[Data excerpts]
= = = = =

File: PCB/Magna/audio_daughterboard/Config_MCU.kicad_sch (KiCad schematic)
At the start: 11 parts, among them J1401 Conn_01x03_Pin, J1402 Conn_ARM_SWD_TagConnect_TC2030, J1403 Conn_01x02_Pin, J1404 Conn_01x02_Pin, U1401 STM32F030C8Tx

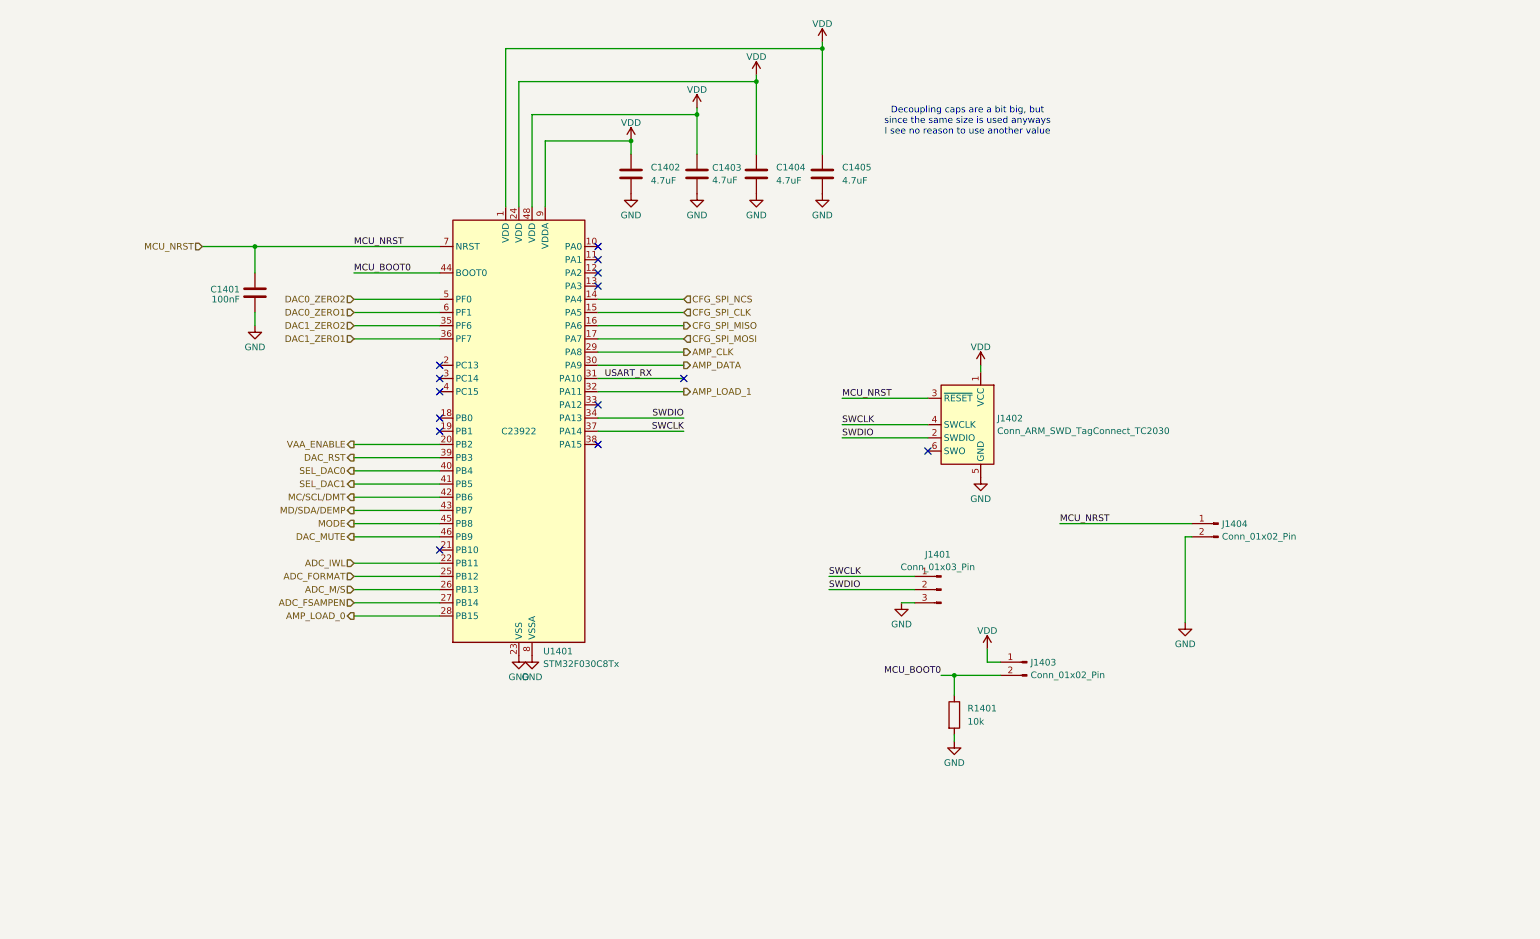
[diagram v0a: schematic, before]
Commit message: Do most of the component placement for audio board
Just a general layout, things will probably change
as the routing begins.
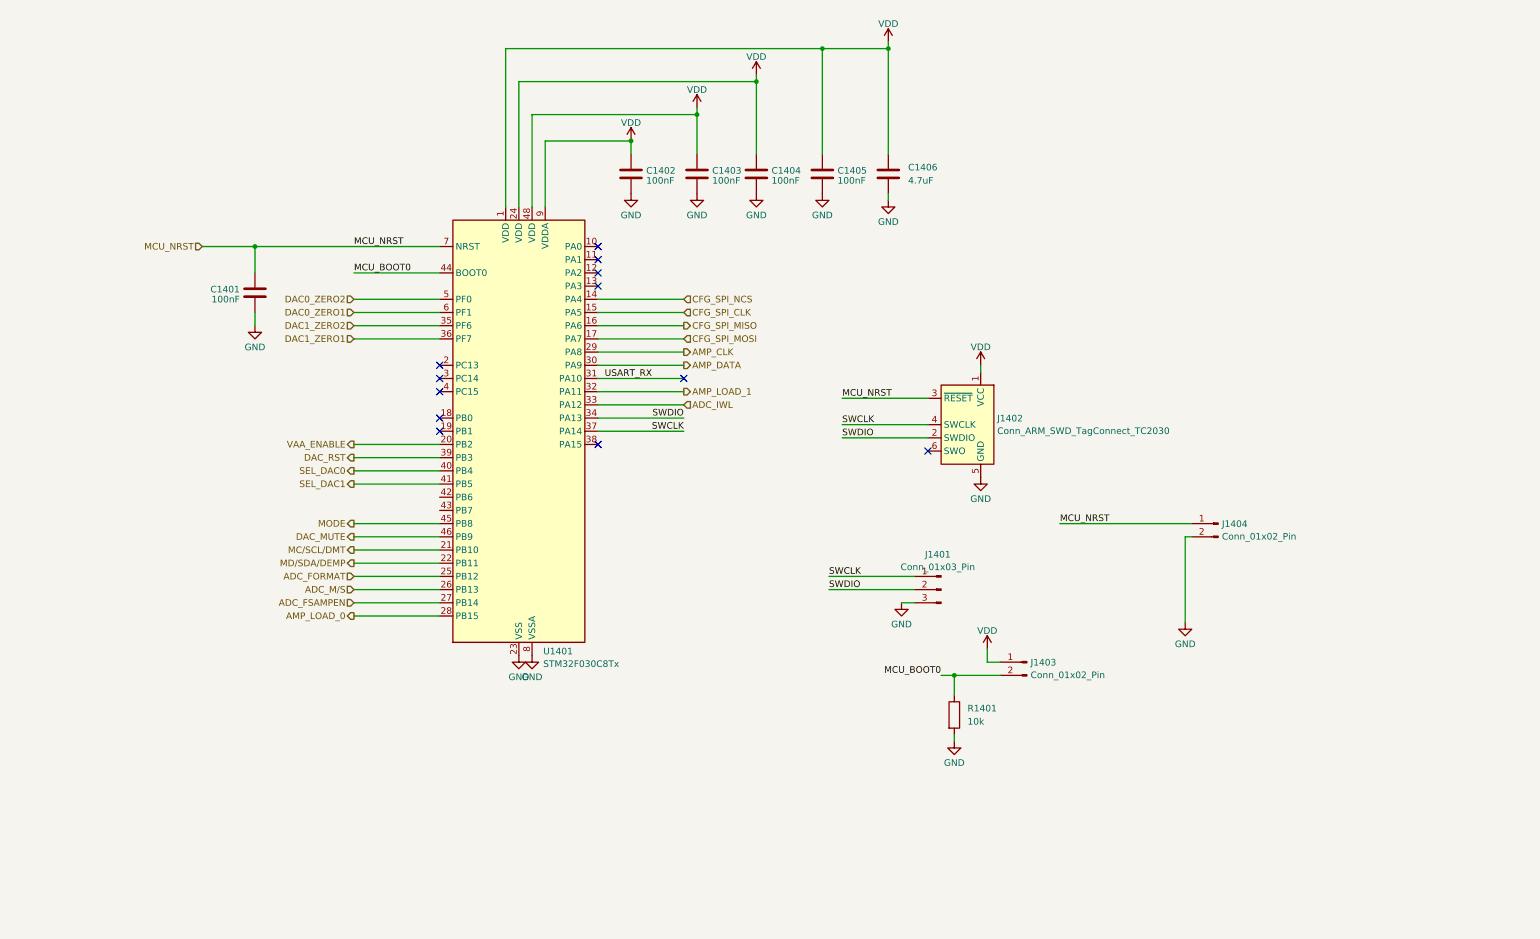
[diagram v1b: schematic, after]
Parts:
- added C1405: 100nF, Capacitor_SMD:C_0603_1608Metric, symbol Device:C
- C1401: footprint Capacitor_SMD:C_0805_2012Metric_Pad1.18x1.45mm_HandSolder -> Capacitor_SMD:C_0603_1608Metric; LCSC C49678 -> C14663
- C1402, C1403, C1404: value 4.7uF -> 100nF; footprint Capacitor_SMD:C_0805_2012Metric_Pad1.18x1.45mm_HandSolder -> Capacitor_SMD:C_0603_1608Metric; LCSC C1779 -> C14663
- C1406: renamed from C1405; footprint Capacitor_SMD:C_0805_2012Metric_Pad1.18x1.45mm_HandSolder -> Capacitor_SMD:C_1206_3216Metric; LCSC C1779 -> C29823
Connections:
- net ADC_IWL: now also U1401.33 (PA12); no longer U1401.22 (PB11)
- net GND: now also C1405.2
- net MC/SCL/DMT: now also U1401.21 (PB10); no longer U1401.42 (PB6)
- net MD/SDA/DEMP: now also U1401.22 (PB11); no longer U1401.43 (PB7)
- net VDD: now also C1405.1
- no-connect marks 14 -> 12
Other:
- note removed: "Decoupling caps are a bit big, but since the same size is used anyways I see no reason to use another value"
- moved on the sheet: C1406

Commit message: Start layout and routing of Audio Daugherboard
Also a lot of small changes to everything that became apperant
when the audio daughterboard was designed. Such as the Headphone
PCB, which is now separate from the rest of the audio.
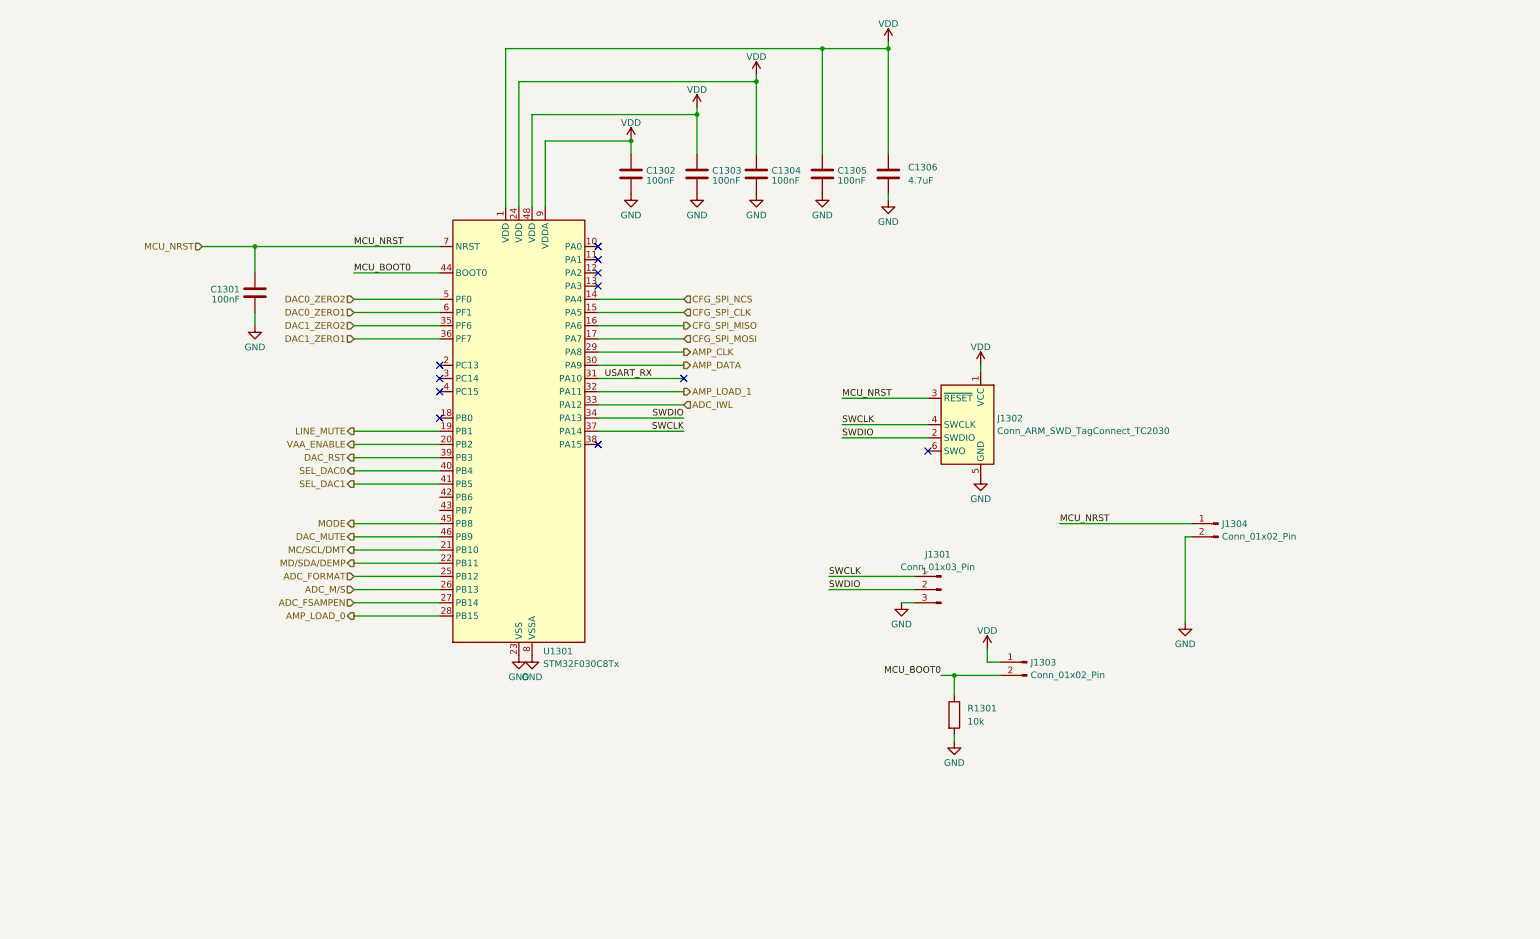
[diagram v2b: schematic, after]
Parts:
- renumbered C1401 to C1301, C1402 to C1302, C1403 to C1303, C1404 to C1304, C1405 to C1305, C1406 to C1306, J1401 to J1301, J1402 to J1302, J1403 to J1303, J1404 to J1304, R1401 to R1301, U1401 to U1301
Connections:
- net LINE_MUTE: now reaches U1301.19 (PB1)
- no-connect marks 12 -> 11

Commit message: Finished first round of routing for the Audio Daughterboard
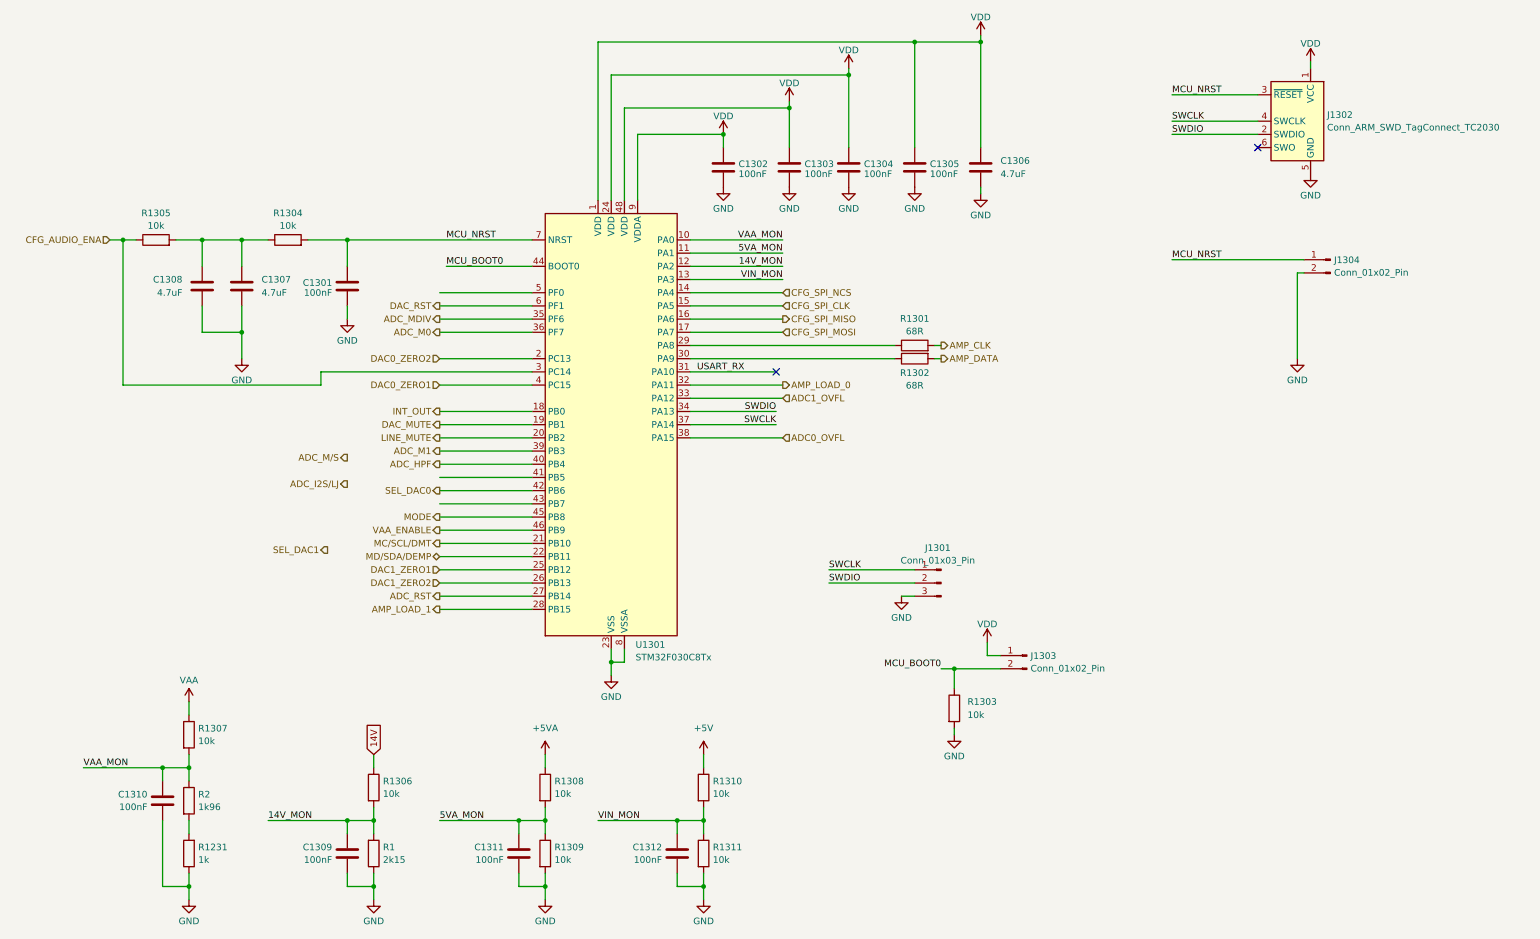
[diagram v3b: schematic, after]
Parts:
- added C1307, C1308: 4.7uF, Capacitor_SMD:C_1206_3216Metric, symbol Device:C
- added C1309, C1310, C1311, C1312: 100nF, Capacitor_SMD:C_0603_1608Metric, symbol Device:C
- added R1: 2k15, Resistor_SMD:R_0603_1608Metric, symbol Device:R
- added R1231: 1k, Resistor_SMD:R_0603_1608Metric, symbol Device:R
- added R1301, R1302: 68R, Resistor_SMD:R_0603_1608Metric, symbol Device:R
- added R1304, R1305, R1306, R1307, R1308, R1309, R1310, R1311: 10k, Resistor_SMD:R_0603_1608Metric, symbol Device:R
- added R2: 1k96, Resistor_SMD:R_0603_1608Metric, symbol Device:R
- R1303: renamed from R1301; now in the parts list
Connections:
- net ADC_FORMAT is gone; now on net DAC1_ZERO1: U1301.25 (PB12)
- net ADC_M/S: no longer U1301.26 (PB13)
- net AMP_CLK: now also R1301.2; no longer U1301.29 (PA8)
- net AMP_DATA: now also R1302.2; no longer U1301.30 (PA9)
- net AMP_LOAD_0: now also U1301.32 (PA11); no longer U1301.28 (PB15)
- net AMP_LOAD_1: now also U1301.28 (PB15); no longer U1301.32 (PA11)
- net DAC0_ZERO1: now also U1301.4 (PC15); no longer U1301.6 (PF1)
- net DAC0_ZERO2: now also U1301.2 (PC13); no longer U1301.5 (PF0)
- net DAC1_ZERO1: no longer U1301.36 (PF7)
- net DAC1_ZERO2: now also U1301.26 (PB13); no longer U1301.35 (PF6)
- net DAC_MUTE: now also U1301.19 (PB1); no longer U1301.46 (PB9)
- net DAC_RST: now also U1301.6 (PF1); no longer U1301.39 (PB3)
- net GND: now also C1307.2, C1308.2, C1309.2, C1310.2, C1311.2, C1312.2, R1.1, R1231.1, R1309.2, R1311.2
- net LINE_MUTE: now also U1301.20 (PB2); no longer U1301.19 (PB1)
- net MCU_NRST: now also R1304.2
- net SEL_DAC0: now also U1301.42 (PB6); no longer U1301.40 (PB4)
- net SEL_DAC1: no longer U1301.41 (PB5)
- net VAA_ENABLE: now also U1301.46 (PB9); no longer U1301.20 (PB2)
- net VAA_MON: now reaches U1301.10 (PA0)
- net VAA_MON: now also C1310.1, R1307.2, R2.1
- net 5VA_MON: now reaches U1301.11 (PA1)
- net 5VA_MON: now also C1311.1, R1308.2, R1309.1
- net 14V_MON: now reaches U1301.12 (PA2)
- net 14V_MON: now also C1309.1, R1.2, R1306.2
- net VIN_MON: now reaches U1301.13 (PA3)
- net VIN_MON: now also C1312.1, R1310.2, R1311.1
- net INT_OUT: now reaches U1301.18 (PB0)
- net CFG_AUDIO_ENA: now reaches U1301.3 (PC14)
- net CFG_AUDIO_ENA: now also R1305.1
- net ADC0_OVFL: now reaches U1301.38 (PA15)
- net ADC_FSAMPEN renamed ADC_RST
- net ADC_IWL renamed ADC1_OVFL
- new net: C1307.1, C1308.1, R1304.1, R1305.2
- new net: R1231.2, R2.2
- new net: R1301.1, U1301.29 (PA8)
- new net: R1302.1, U1301.30 (PA9)
- new net +5V: R1310.1
- new net +5VA: R1308.1
- new net 14V: R1306.1
- new net ADC_HPF: U1301.40 (PB4)
- new net ADC_M0: U1301.36 (PF7)
- new net ADC_M1: U1301.39 (PB3)
- new net ADC_MDIV: U1301.35 (PF6)
- new net VAA: R1307.1
- no-connect marks 11 -> 2
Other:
- moved on the sheet: C1301, C1302, C1303, C1304, C1305, C1306, J1301, J1302, J1303, J1304, R1303, U1301

= = = = =

= What is being asked =
Return the span of lines in the data above that opens at the line with "- net DAC_RST: now" and closes at the line with "- net VAA_MON: now also", exactly, ends included, nothing else.

= Finished exercise =
- net DAC_RST: now also U1301.6 (PF1); no longer U1301.39 (PB3)
- net GND: now also C1307.2, C1308.2, C1309.2, C1310.2, C1311.2, C1312.2, R1.1, R1231.1, R1309.2, R1311.2
- net LINE_MUTE: now also U1301.20 (PB2); no longer U1301.19 (PB1)
- net MCU_NRST: now also R1304.2
- net SEL_DAC0: now also U1301.42 (PB6); no longer U1301.40 (PB4)
- net SEL_DAC1: no longer U1301.41 (PB5)
- net VAA_ENABLE: now also U1301.46 (PB9); no longer U1301.20 (PB2)
- net VAA_MON: now reaches U1301.10 (PA0)
- net VAA_MON: now also C1310.1, R1307.2, R2.1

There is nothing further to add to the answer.